11/20/2014

6 Tips for Scrubbing Your Data Clean

In ever-increasing numbers, enterprises are discovering that Salesforce is far more than just a contact database. It is a powerful tool that can assist virtually every department in your organization. However, like any software program, Salesforce can be subject to the “garbage in, garbage out” principle.

There are times when the cleanliness of your data is not of primary importance — but if you plan to use your data for critical applications, data mining or important analysis projects, you need to have data that it scrubbed as clean as is possible. Cleaning your data can be accomplished in a variety of ways. Following are suggested practices for eliminating dirty data for critical applications.

Microsoft Data Cleansing - AhaApps

1. Start with the Cleanest Data Available

This may seem obvious to some, but many people overlook the importance of choosing sources with the highest quality of data. Examine how the source obtains the data, how current the data is and how reliable the source has been in the past. Check for issues such as minor spelling variations that are causing duplicate records — one simple method for doing this is to run a frequency count by attribute.

2. Address Issues with the Source

Cleaning data downstream may be your only option, but if at all possible, attempt to have problems fixed at the source. Discuss the issues calmly and rationally. You might discover that the source has no idea that the data passed was dirty, or that the source system merely lacks the resources to provide data that is of better quality. Perhaps you can arrange to work closely with the source system, such as agreeing to clean up the data downstream for a set period while the source builds the support to improve the quality of data.

3. Establish Business Rules for Cleaning Data

Preparing data to be integrated with Salesforce or any other platform requires input from those who are most invested in the data. Ask for help in determining the appropriate business rules to apply. For example, certain ranges of product codes may be obsolete, or the decision might be to purge delinquent receivables below a certain amount.

4. Decide on the Extent of Your Fixes

Choosing to let some problems pass to the business users can be risky. It may not be feasible, but sometimes, letting dirty data through can be the catalyst that management needs to address issues arising at the source. Of course, it can also backfire and cause you to lose credibility. If you choose to ignore certain problems with data, exercise caution — and make sure that you fully understand the potential repercussions.
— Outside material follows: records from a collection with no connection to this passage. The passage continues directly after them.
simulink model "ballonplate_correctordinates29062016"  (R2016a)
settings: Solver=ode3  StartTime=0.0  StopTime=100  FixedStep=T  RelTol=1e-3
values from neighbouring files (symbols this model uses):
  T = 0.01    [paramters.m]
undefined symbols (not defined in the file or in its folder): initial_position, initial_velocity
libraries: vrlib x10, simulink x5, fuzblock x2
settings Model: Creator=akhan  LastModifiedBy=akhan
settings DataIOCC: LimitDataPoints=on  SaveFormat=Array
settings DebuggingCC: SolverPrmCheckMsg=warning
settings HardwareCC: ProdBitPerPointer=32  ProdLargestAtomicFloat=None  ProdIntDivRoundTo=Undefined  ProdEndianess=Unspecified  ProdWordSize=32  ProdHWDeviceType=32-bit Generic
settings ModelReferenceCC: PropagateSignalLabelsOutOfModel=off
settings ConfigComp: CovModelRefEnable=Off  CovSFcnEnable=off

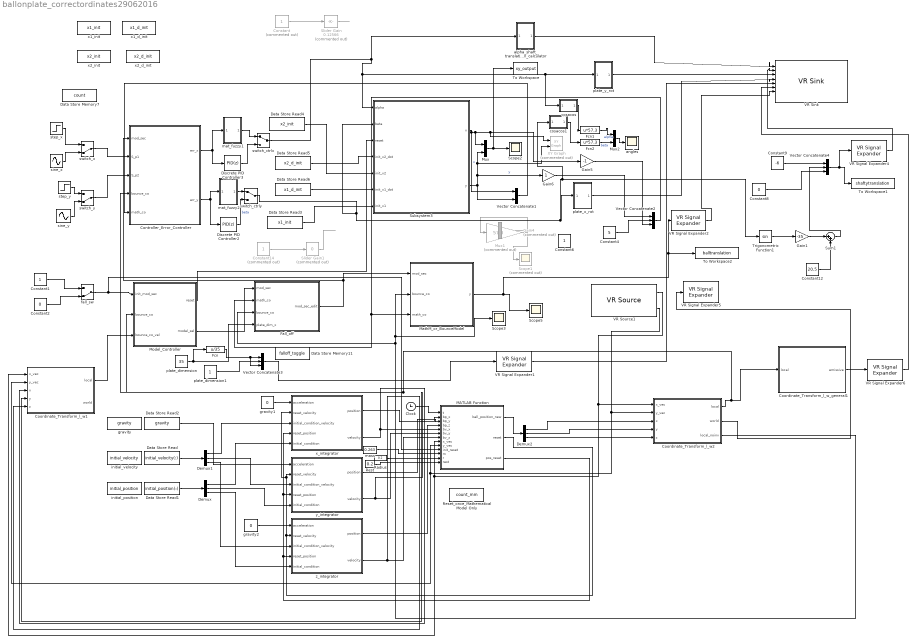
== system ballonplate_correctordinates29062016 ==
  Clock : Clock
  Constant : Constant  Commented=on
  Constant1 : Constant
  Constant12 : Constant  Value=20.5
  Constant14 : Constant  Commented=on
  Constant2 : Constant  Value=0
  Constant4 : Constant  Value=5
  Constant6 : Constant
  Constant8 : Constant  Value=0
  Constant9 : Constant  Value=-6
  Controller_Error_Controller : MATLAB Function  TreatAsAtomicUnit=on
  Coordinate_Transform_l_w1 : MATLAB Function  TreatAsAtomicUnit=on
  Coordinate_Transform_l_w2 : MATLAB Function  TreatAsAtomicUnit=on
  Coordinate_Transform_l_w_general1 : MATLAB Function  TreatAsAtomicUnit=on
  Data Store Memory11 : DataStoreMemory  DataStoreName=falloff_toggle  ShowAdditionalParam=off  OutDataTypeStr=double
  Data Store Memory7 : DataStoreMemory  DataStoreName=count  ShowAdditionalParam=off  OutDataTypeStr=double
  Data Store Read : DataStoreRead  DataStoreName=initial_velocity  DataStoreElements=initial_velocity(:)
  Data Store Read1 : DataStoreRead  DataStoreName=initial_position  DataStoreElements=initial_position(:)
  Data Store Read2 : DataStoreRead  DataStoreName=gravity  DataStoreElements=gravity
  Data Store Read3 : DataStoreRead  DataStoreName=x1_init  DataStoreElements=x1_init
  Data Store Read4 : DataStoreRead  DataStoreName=x2_init  DataStoreElements=x2_init
  Data Store Read5 : DataStoreRead  DataStoreName=x2_d_init  DataStoreElements=x2_d_init
  Data Store Read6 : DataStoreRead  DataStoreName=x1_d_init  DataStoreElements=x1_d_init
  Demux : Demux  Outputs=3
  Demux1 : Demux  Outputs=3
  Demux2 : Demux  Outputs=3
  Discrete PID Controller2 : simulink/Continuous/PID Controller  Controller=PID  TimeDomain=Discrete-time  SampleTime=T  IntegratorMethod=Backward Euler  FilterMethod=Forward Euler  Form=Parallel  UseFilter=on  ControllerParametersSource=internal  P=0.0496279719669994  I=0.00120600765535881  D=0.453206483387622  N=36.9012017074974  InitialConditionSource=internal  InitialConditionForIntegrator=0  InitialConditionForFilter=0  ExternalReset=none  LimitOutput=on  UpperSaturationLimit=1  LowerSaturationLimit=-1  LinearizeAsGain=off  AntiWindupMode=none  Kb=1  TrackingMode=off  Kt=1  PParamMin=[]  PParamMax=[]  IParamMin=[]  IParamMax=[]  DParamMin=[]  DParamMax=[]  NParamMin=[]  NParamMax=[]  KbParamMin=[]  KbParamMax=[]  KtParamMin=[]  KtParamMax=[]  POutMin=[]  POutMax=[]  IOutMin=[]  IOutMax=[]  DOutMin=[]  DOutMax=[]  NOutMin=[]  NOutMax=[]  KbOutMin=[]  KbOutMax=[]  KtOutMin=[]  KtOutMax=[]  IntegratorOutMin=[]  IntegratorOutMax=[]  FilterOutMin=[]  FilterOutMax=[]  SumOutMin=[]  SumOutMax=[]  SumI1OutMin=[]  SumI1OutMax=[]  SumI2OutMin=[]  SumI2OutMax=[]  SumI3OutMin=[]  SumI3OutMax=[]  SumDOutMin=[]  SumDOutMax=[]  SaturationOutMin=[]  SaturationOutMax=[]  IntegratorContinuousStateAttributes=''  IntegratorStateMustResolveToSignalObject=off  IntegratorRTWStateStorageClass=Auto  FilterContinuousStateAttributes=''  FilterStateMustResolveToSignalObject=off  FilterRTWStateStorageClass=Auto  DifferentiatorICPrevScaledInput=0  DifferentiatorOutMin=[]  DifferentiatorOutMax=[]
  Discrete PID Controller3 : simulink/Continuous/PID Controller  Controller=PID  TimeDomain=Discrete-time  SampleTime=T  IntegratorMethod=Backward Euler  FilterMethod=Forward Euler  Form=Parallel  UseFilter=on  ControllerParametersSource=internal  P=0.0496279719669994  I=0.00120600765535881  D=0.453206483387622  N=36.9012017074974  InitialConditionSource=internal  InitialConditionForIntegrator=0  InitialConditionForFilter=0  ExternalReset=none  LimitOutput=on  UpperSaturationLimit=1  LowerSaturationLimit=-1  LinearizeAsGain=off  AntiWindupMode=none  Kb=1  TrackingMode=off  Kt=1  PParamMin=[]  PParamMax=[]  IParamMin=[]  IParamMax=[]  DParamMin=[]  DParamMax=[]  NParamMin=[]  NParamMax=[]  KbParamMin=[]  KbParamMax=[]  KtParamMin=[]  KtParamMax=[]  POutMin=[]  POutMax=[]  IOutMin=[]  IOutMax=[]  DOutMin=[]  DOutMax=[]  NOutMin=[]  NOutMax=[]  KbOutMin=[]  KbOutMax=[]  KtOutMin=[]  KtOutMax=[]  IntegratorOutMin=[]  IntegratorOutMax=[]  FilterOutMin=[]  FilterOutMax=[]  SumOutMin=[]  SumOutMax=[]  SumI1OutMin=[]  SumI1OutMax=[]  SumI2OutMin=[]  SumI2OutMax=[]  SumI3OutMin=[]  SumI3OutMax=[]  SumDOutMin=[]  SumDOutMax=[]  SaturationOutMin=[]  SaturationOutMax=[]  IntegratorContinuousStateAttributes=''  IntegratorStateMustResolveToSignalObject=off  IntegratorRTWStateStorageClass=Auto  FilterContinuousStateAttributes=''  FilterStateMustResolveToSignalObject=off  FilterRTWStateStorageClass=Auto  DifferentiatorICPrevScaledInput=0  DifferentiatorOutMin=[]  DifferentiatorOutMax=[]
  Fall_off : MATLAB Function  TreatAsAtomicUnit=on
  Fcn : Fcn  Expr=u/35
  Fcn1 : Fcn  Expr=u*57.3
  Fcn2 : Fcn  Expr=u*57.3
  Gain1 : Gain  Gain=-35
  Gain4 : Gain  Commented=on  Gain=57.3  SampleTime=T
  Gain5 : Gain  Gain=-1
  Gain6 : Gain
  MATLAB Function : MATLAB Function  TreatAsAtomicUnit=on
  MathM_or_BounceModel : MATLAB Function  TreatAsAtomicUnit=on
  Model_Controller : MATLAB Function  TreatAsAtomicUnit=on
  Mux : Mux  Inputs=2
  Mux1 : Mux  Commented=on  Inputs=2
  Mux2 : Mux  Inputs=2
  Radius : Constant  Value=0.2
  Reset_once_Mathematical Model Only : DataStoreMemory  DataStoreName=count_mm  ShowAdditionalParam=off  OutDataTypeStr=double
  Rest : Constant  Value=0.2
  Scope1 : Scope  Commented=on
  Scope2 : Scope
  Scope3 : Scope
  Scope5 : Scope
  Slider Gain : simulink/Math Operations/Slider Gain  Commented=on  low=-1.5708  gain=0.12566  high=1.5708
  Slider Gain1 : simulink/Math Operations/Slider Gain  Commented=on  low=-1.5708  gain=0  high=1.57
  Subsystem3 : Subsystem  mask{m=0.263, r=0.2}
      mask prompts: m "Mass"; r "Radius"
      mask Display:
      | image('bp.jpg')
      | port_label('input',1,'alpha')
      | port_label('input',2,'beta')
      | port_label('input',3,'reset')
      | port_label('input',4,'x2_dot_init')
      | port_label('input',5,'x2_init')
      | port_label('input',6,'x1_dot_init')
      | port_label('input',7,'x1_init')
      | port_label('output',1,'x')
      | port_label('output',2,'y')
  Sum1 : Sum  Inputs=|++
  To Workspace : ToWorkspace  VariableName=xy_output  SaveFormat=Timeseries  SampleTime=T
  To Workspace1 : ToWorkspace  VariableName=shaftytranslation  SaveFormat=Timeseries  SampleTime=T
  To Workspace2 : ToWorkspace  VariableName=balltranslation  SaveFormat=Timeseries  SampleTime=T
  Trigonometric Function1 : Trigonometry
  VR Signal Expander{1,4..6} (4 alike) : vrlib/VR Signal Expander  outwidth=3  outidx=[1 2 3]
  VR Signal Expander2 : vrlib/VR Signal Expander  outwidth=3  outidx=[3 2 1]
  VR Sink : vrlib/VR Sink  InstantiateOnLoad=on  SampleTime=-1  ViewEnable=on  RemoteChange=off  RemoteView=off  FieldsWritten=shaft_x.translation.3.1.1.double#shaft_y.translation.3.1.1.double#plate_test_y.rotation.4.1.1.double#plate_test_x.rotation.4.1.1.double#plate_trans.scale.3.1.1.double#plate_mat.emissiveColor.3.1.1.double#ball_trans.translation.3.1.1.double#world_ball.translation.3.1.1.double  WorldFileName=bandplate_move_correctordinates.wrl  AutoView=off  VideoDimensions=[]  AllowVariableSize=off
  VR Source1 : vrlib/VR Source  InstantiateOnLoad=on  SampleTime=-1  ViewEnable=on  RemoteChange=off  RemoteView=off  FieldsRead=reference_x.translation_abs.1.3.1.double#reference_y.translation_abs.1.3.1.double  WorldFileName=bandplate_move_correctordinates.wrl  AutoView=off  VideoDimensions=[]  AllowVariableSize=off
  Vector Concatenate1 : Concatenate
  Vector Concatenate2 : Concatenate  NumInputs=3
  Vector Concatenate3 : Concatenate  NumInputs=3
  Vector Concatenate4 : Concatenate  NumInputs=3
  XY Graph : simulink/Sinks/XY Graph  Commented=on  xmin=-35  xmax=35  ymin=-35  ymax=35  st=-1
  alpha_shaft_translation_calculator : Subsystem
  angles : Scope
  cosacos : Subsystem
  cosacos1 : Subsystem
  fall_sw : ManualSwitch  CurrentSetting=0
  gravity : DataStoreMemory  DataStoreName=gravity  InitialValue=-4  ShowAdditionalParam=off  OutDataTypeStr=double
  gravity1 : Constant  Value=0
  gravity2 : Constant  Value=0
  initial_position : DataStoreMemory  DataStoreName=initial_position  InitialValue=[5;25;3]  ShowAdditionalParam=off  OutDataTypeStr=double
  initial_velocity : DataStoreMemory  DataStoreName=initial_velocity  InitialValue=[0;5;0]  ShowAdditionalParam=off  OutDataTypeStr=double
  mass : Constant  Value=0.263
  mat_fuzzy1 : Subsystem
  mat_fuzzy2 : Subsystem
  plate_dimension : Constant  Value=35
  plate_dimension1 : Constant
  plate_x_rot : Subsystem
  plate_y_rot : Subsystem
  sine_x : Sin  Amplitude=5  Frequency=0.1  SampleTime=0
  sine_y : Sin  Amplitude=5  Frequency=0.1  Phase=-pi/2  SampleTime=0
  step_x : Step  Time=0  After=5  SampleTime=0
  step_y : Step  Time=0  After=5  SampleTime=0
  switch_ctrlx : ManualSwitch
  switch_ctrly : ManualSwitch
  switch_x : ManualSwitch  CurrentSetting=0
  switch_y : ManualSwitch  CurrentSetting=0
  x1_d_init : DataStoreMemory  DataStoreName=x1_d_init  ShowAdditionalParam=off  OutDataTypeStr=double
  x1_init : DataStoreMemory  DataStoreName=x1_init  ShowAdditionalParam=off  OutDataTypeStr=double
  x2_d_init : DataStoreMemory  DataStoreName=x2_d_init  ShowAdditionalParam=off  OutDataTypeStr=double
  x2_init : DataStoreMemory  DataStoreName=x2_init  ShowAdditionalParam=off  OutDataTypeStr=double
  x_integrator : Subsystem
  y_integrator : Subsystem
  z_integrator : Subsystem
  wires:
  Subsystem3/1(x) -> Vector Concatenate1/1, XY Graph/1, Gain5/1, Mux/1  "x"
  Subsystem3/2(y) -> XY Graph/2, Mux/2, Gain6/1, Vector Concatenate1/2  "y"
  Mux1/1 -> Gain4/1
  Gain4/1 -> Scope1/1
  Constant4/1 -> Vector Concatenate2/2
  Vector Concatenate2/1 -> Fall_off/2(math_co), MathM_or_BounceModel/3(math_co)
  Vector Concatenate4/1 -> To Workspace1/1, VR Signal Expander4/1
  Constant9/1 -> Vector Concatenate4/1
  Constant8/1 -> Vector Concatenate4/3
  Trigonometric Function1/1 -> Gain1/1
  Gain1/1 -> Sum1/1
  Constant12/1 -> Sum1/2
  Sum1/1 -> Vector Concatenate4/2
  Gain5/1 -> Vector Concatenate2/3
  Gain6/1 -> Vector Concatenate2/1
  Constant/1 -> Slider Gain/1
  Constant14/1 -> Slider Gain1/1
  Slider Gain/1 -> ?
  switch_ctrlx/1 -> Subsystem3/1(alpha), cosacos/1(In1), plate_y_rot/1(In1), alpha_shaft_translation_calculator/1(In1)
  Slider Gain1/1 -> ?
  switch_ctrly/1 -> cosacos1/1(In1), Trigonometric Function1/1, plate_x_rot/1(In1), Subsystem3/2(beta)
  VR Source1/1 -> Coordinate_Transform_l_w2/1(x_vec), MATLAB Function/8(x_vec), Coordinate_Transform_l_w1/1(x_vec)
  VR Source1/2 -> Coordinate_Transform_l_w2/2(y_vec), MATLAB Function/9(y_vec), Coordinate_Transform_l_w1/2(y_vec)
  Coordinate_Transform_l_w2/2(world) -> VR Signal Expander5/1
  Coordinate_Transform_l_w2/1(local) -> Controller_Error_Controller/4(bounce_co), Model_Controller/2(bounce_co), Coordinate_Transform_l_w_general1/1(local)
  Coordinate_Transform_l_w_general1/1(emissive) -> VR Signal Expander6/1
  Data Store Read2/1 -> y_integrator/1(acceleration)
  x_integrator/1(position) -> MATLAB Function/2(bp_x)
  y_integrator/1(position) -> MATLAB Function/3(bp_y)
  z_integrator/1(position) -> MATLAB Function/4(bp_z)
  x_integrator/2(velocity) -> Coordinate_Transform_l_w1/3(x), MATLAB Function/5(bv_x)
  y_integrator/2(velocity) -> Coordinate_Transform_l_w1/4(y), MATLAB Function/6(bv_y)
  z_integrator/2(velocity) -> Coordinate_Transform_l_w1/5(z), MATLAB Function/7(bv_z)
  Demux/1 -> x_integrator/5(initial_condition)
  Demux/2 -> y_integrator/5(initial_condition)
  Demux/3 -> z_integrator/5(initial_condition)
  Demux1/1 -> x_integrator/3(initial_condition_velocity)
  Demux1/2 -> y_integrator/3(initial_condition_velocity)
  Demux1/3 -> z_integrator/3(initial_condition_velocity)
  gravity1/1 -> x_integrator/1(acceleration)
  gravity2/1 -> z_integrator/1(acceleration)
  MATLAB Function/1(ball_position_new) -> Demux2/1
  Demux2/1 -> Coordinate_Transform_l_w2/3(x)
  Demux2/2 -> Coordinate_Transform_l_w2/4(y)
  Demux2/3 -> Coordinate_Transform_l_w2/5(z)
  MATLAB Function/2(reset) -> z_integrator/2(reset_velocity), x_integrator/2(reset_velocity), y_integrator/2(reset_velocity)
  Data Store Read/1 -> Demux1/1
  Data Store Read1/1 -> Demux/1
  MATLAB Function/3(pos_reset) -> x_integrator/4(reset_position), y_integrator/4(reset_position), z_integrator/4(reset_position)
  Clock/1 -> MATLAB Function/1(t)
  Mux/1 -> To Workspace/1, Scope2/1
  Data Store Read5/1 -> Subsystem3/4(init_x2_dot)
  Data Store Read6/1 -> Subsystem3/6(init_x1_dot)
  Data Store Read4/1 -> Subsystem3/5(init_x2)
  Data Store Read3/1 -> Subsystem3/7(init_x1)
  Model_Controller/1(reset) -> Subsystem3/3(reset)
  Coordinate_Transform_l_w2/3(local_noinv) -> Fall_off/3(bounce_co), MathM_or_BounceModel/2(bounce_co), Scope3/1
  fall_sw/1 -> MATLAB Function/10(init_reset), Model_Controller/1(init_mod_sec)
  Constant1/1 -> fall_sw/1
  Constant2/1 -> fall_sw/2
  Vector Concatenate1/1 -> Controller_Error_Controller/5(math_co)
  Coordinate_Transform_l_w1/1(local) -> Model_Controller/3(bounce_co_vel)
  Model_Controller/2(model_sel) -> Fall_off/1(mod_sec)
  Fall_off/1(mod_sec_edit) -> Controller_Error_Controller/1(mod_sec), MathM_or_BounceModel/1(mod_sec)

5. Employ the Proper Tools

There are a number of tools available for cleansing data. Choose the solution that is best for your particular situation. Be sure to test data against reliable sources, such as when you need to verify addresses, emails or phone numbers. However, do not be afraid to “go low-tech” if the situation warrants it. Perhaps you have only a few records that show discrepancies, such as duplicate names with different phone numbers. Your best solution might be to simply have an employee call each number, ask for the person and determine the correct number for each name.

6. Develop a Plan for Future Data

Unless you plan to dedicate staff to cleaning data repeatedly, your source needs to ensure that future extracts are clean. How you approach the issue depends on your company’s political atmosphere, whether the source is irreplaceable and the extent of the problems. Perhaps you can require the source to assume all responsibility for the data, meaning that the source must examine and clean the data before passing it to you. Perhaps the solution requires a collaborative effort, or the algorithms for extracting data need to be revised. The key is to take whatever actions you can to ensure that the data you receive is as clean as it can possibly be.

In Summation

Even when your data comes from the most reliable source available, you will inevitably discover that some of it is dirty. Before it can be used in any sort of meaningful manner by your data warehouse, the data will need to be cleansed. How you accomplish this depends on a number of factors. Hopefully, these tips can help you deal with the issue, now and in the future.